Italian playwright, journalist and writer

Pier Maria Rosso di San Secondo (November 30, 1887 in Caltanissetta – November 22, 1956 in Lido di Camaiore), or simply Rosso di San Secondo was an Italian playwright and journalist.

== Poetry ==

His poetry is characterized by lyricism and a pessimistic view of the relationship between man and society, with characters often marked by loneliness and a certain contrast between passion and rationality. Often this contrast is symbolically sought from San Secondo in the confrontation between the Italian North, characterized by a rational life, concrete and gray, and the Italian South characterized by a mythical dream, passionate colors of life.
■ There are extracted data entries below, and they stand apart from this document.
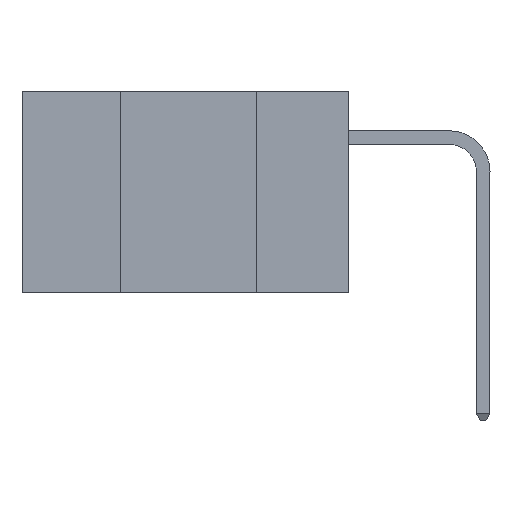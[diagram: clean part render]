
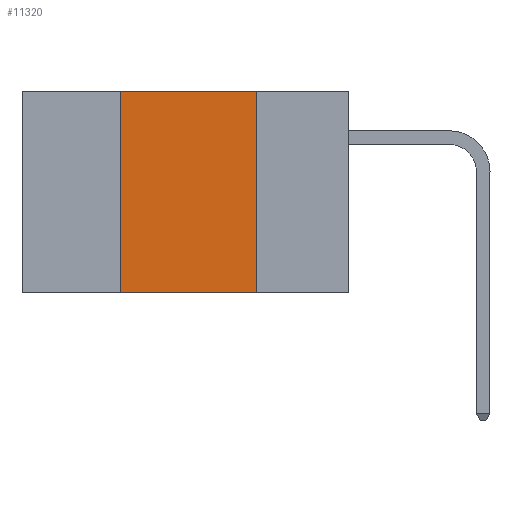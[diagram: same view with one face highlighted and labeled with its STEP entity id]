
A CAD part, left-side view. The second image highlights one B-rep face of the part: STEP entity #11320.
In plain terms, the highlighted planar face has unit normal (-1, 0, 0).
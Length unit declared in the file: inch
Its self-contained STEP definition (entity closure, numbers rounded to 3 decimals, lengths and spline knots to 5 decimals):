
#238 = ORIENTED_EDGE ( 'NONE', *, *, #440, .F. ) ;
#440 = EDGE_CURVE ( 'NONE', #15428, #15209, #568, .T. ) ;
#456 = VERTEX_POINT ( 'NONE', #8224 ) ;
#568 = LINE ( 'NONE', #4432, #764 ) ;
#764 = VECTOR ( 'NONE', #6957, 39.37008 ) ;
#902 = VECTOR ( 'NONE', #11976, 39.37008 ) ;
#975 = ORIENTED_EDGE ( 'NONE', *, *, #14824, .T. ) ;
#1987 = DIRECTION ( 'NONE',  ( 0., 0., -1. ) ) ;
#2430 = ORIENTED_EDGE ( 'NONE', *, *, #14245, .F. ) ;
#4048 = DIRECTION ( 'NONE',  ( 0., 0., 1. ) ) ;
#4276 = CARTESIAN_POINT ( 'NONE',  ( 0., 0.6, -0.37 ) ) ;
#4432 = CARTESIAN_POINT ( 'NONE',  ( 0., 0.6, 0. ) ) ;
#5980 = CARTESIAN_POINT ( 'NONE',  ( 0., 0.42, 0. ) ) ;
#6842 = VERTEX_POINT ( 'NONE', #15889 ) ;
#6936 = PLANE ( 'NONE',  #15651 ) ;
#6957 = DIRECTION ( 'NONE',  ( 0., -1., 0. ) ) ;
#7423 = LINE ( 'NONE', #7819, #14597 ) ;
#7819 = CARTESIAN_POINT ( 'NONE',  ( 0., 0.42, 0. ) ) ;
#8224 = CARTESIAN_POINT ( 'NONE',  ( 0., 0.42, -0.37 ) ) ;
#9269 = LINE ( 'NONE', #14602, #12440 ) ;
#9727 = CARTESIAN_POINT ( 'NONE',  ( 0., 0.6, 0. ) ) ;
#11025 = DIRECTION ( 'NONE',  ( 0., 0., -1. ) ) ;
#11026 = DIRECTION ( 'NONE',  ( 1., 0., 0. ) ) ;
#11164 = ORIENTED_EDGE ( 'NONE', *, *, #15120, .F. ) ;
#11320 = ADVANCED_FACE ( 'NONE', ( #14935 ), #6936, .F. ) ;
#11976 = DIRECTION ( 'NONE',  ( 0., -1., 0. ) ) ;
#12224 = LINE ( 'NONE', #4276, #902 ) ;
#12440 = VECTOR ( 'NONE', #11025, 39.37008 ) ;
#13022 = CARTESIAN_POINT ( 'NONE',  ( 0., 0.17, 0. ) ) ;
#14170 = EDGE_LOOP ( 'NONE', ( #2430, #238, #11164, #975 ) ) ;
#14245 = EDGE_CURVE ( 'NONE', #15209, #6842, #9269, .T. ) ;
#14597 = VECTOR ( 'NONE', #4048, 39.37008 ) ;
#14602 = CARTESIAN_POINT ( 'NONE',  ( 0., 0.17, 0. ) ) ;
#14824 = EDGE_CURVE ( 'NONE', #456, #6842, #12224, .T. ) ;
#14935 = FACE_OUTER_BOUND ( 'NONE', #14170, .T. ) ;
#15120 = EDGE_CURVE ( 'NONE', #456, #15428, #7423, .T. ) ;
#15209 = VERTEX_POINT ( 'NONE', #13022 ) ;
#15428 = VERTEX_POINT ( 'NONE', #5980 ) ;
#15651 = AXIS2_PLACEMENT_3D ( 'NONE', #9727, #11026, #1987 ) ;
#15889 = CARTESIAN_POINT ( 'NONE',  ( 0., 0.17, -0.37 ) ) ;

Among his most important plays are La sirena ricanta, which debuted in 1908, and Marionette, che passione! in 1917, a work that kindled the interest of Luigi Pirandello, who pushed for the work to be recognized. The plot of Marionette, che passione! is focused on the meeting of three random characters, unable to make sense of their lives. The three are revealed in the end to be puppets, at the mercy of fate. A grotesque drama, some link the work to Pirandellism. According to Gaetano Savatteri, the true significance of Rosso di San Secondo was overshadowed by the figure of Pirandello.

Following the great success of Marionette, che passione!, Rosso di San Secondo wrote several other plays, including La bella addormentata in 1919, L'ospite desiderato in 1921, Tra vestiti che ballano in 1927, Il ratto di Proserpina del 1954, Una cosa di carne, Il delirio dell'oste Bassà, Amara. He also wrote fiction books, such as novellas collected in Ponentino in 1916 and the novel La Fuga 1917.

Rosso di San Secondo is buried in the cemetery Angeli di Caltanissetta.